What this task involves:
Leave the images out and write out each entry exactly as shown.

Supplied data:
******************************

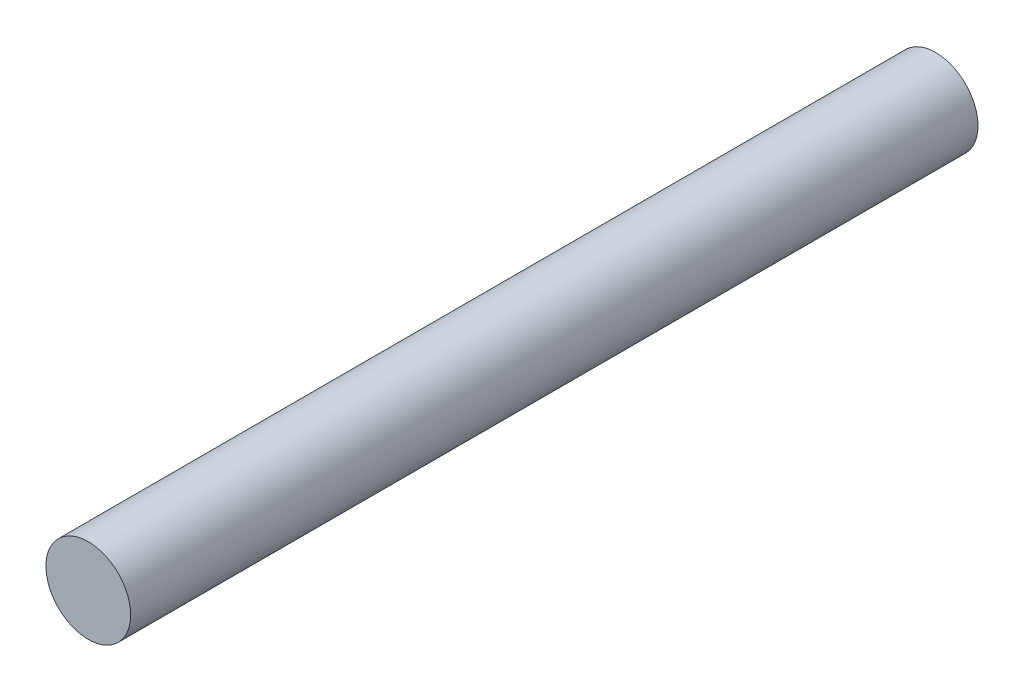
from build123d import *

# Parameters (mm, degrees)
SKETCH_1_R      = 2.5
EXTRUDE_1_DEPTH = 50


with BuildPart() as part:
    # Sketch 1 → Extrude 1 (new body)
    with BuildSketch(Plane.XY):
        with Locations((36.119111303, -58.196758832)):
            Circle(SKETCH_1_R)
    extrude(amount=EXTRUDE_1_DEPTH)


solid = part.part

******************************

Exercise result:
from build123d import *

# Parameters (mm, degrees)
SKETCH_1_R      = 2.5
EXTRUDE_1_DEPTH = 50


with BuildPart() as part:
    # Sketch 1 → Extrude 1 (new body)
    with BuildSketch(Plane.XY):
        with Locations((36.119111303, -58.196758832)):
            Circle(SKETCH_1_R)
    extrude(amount=EXTRUDE_1_DEPTH)


solid = part.part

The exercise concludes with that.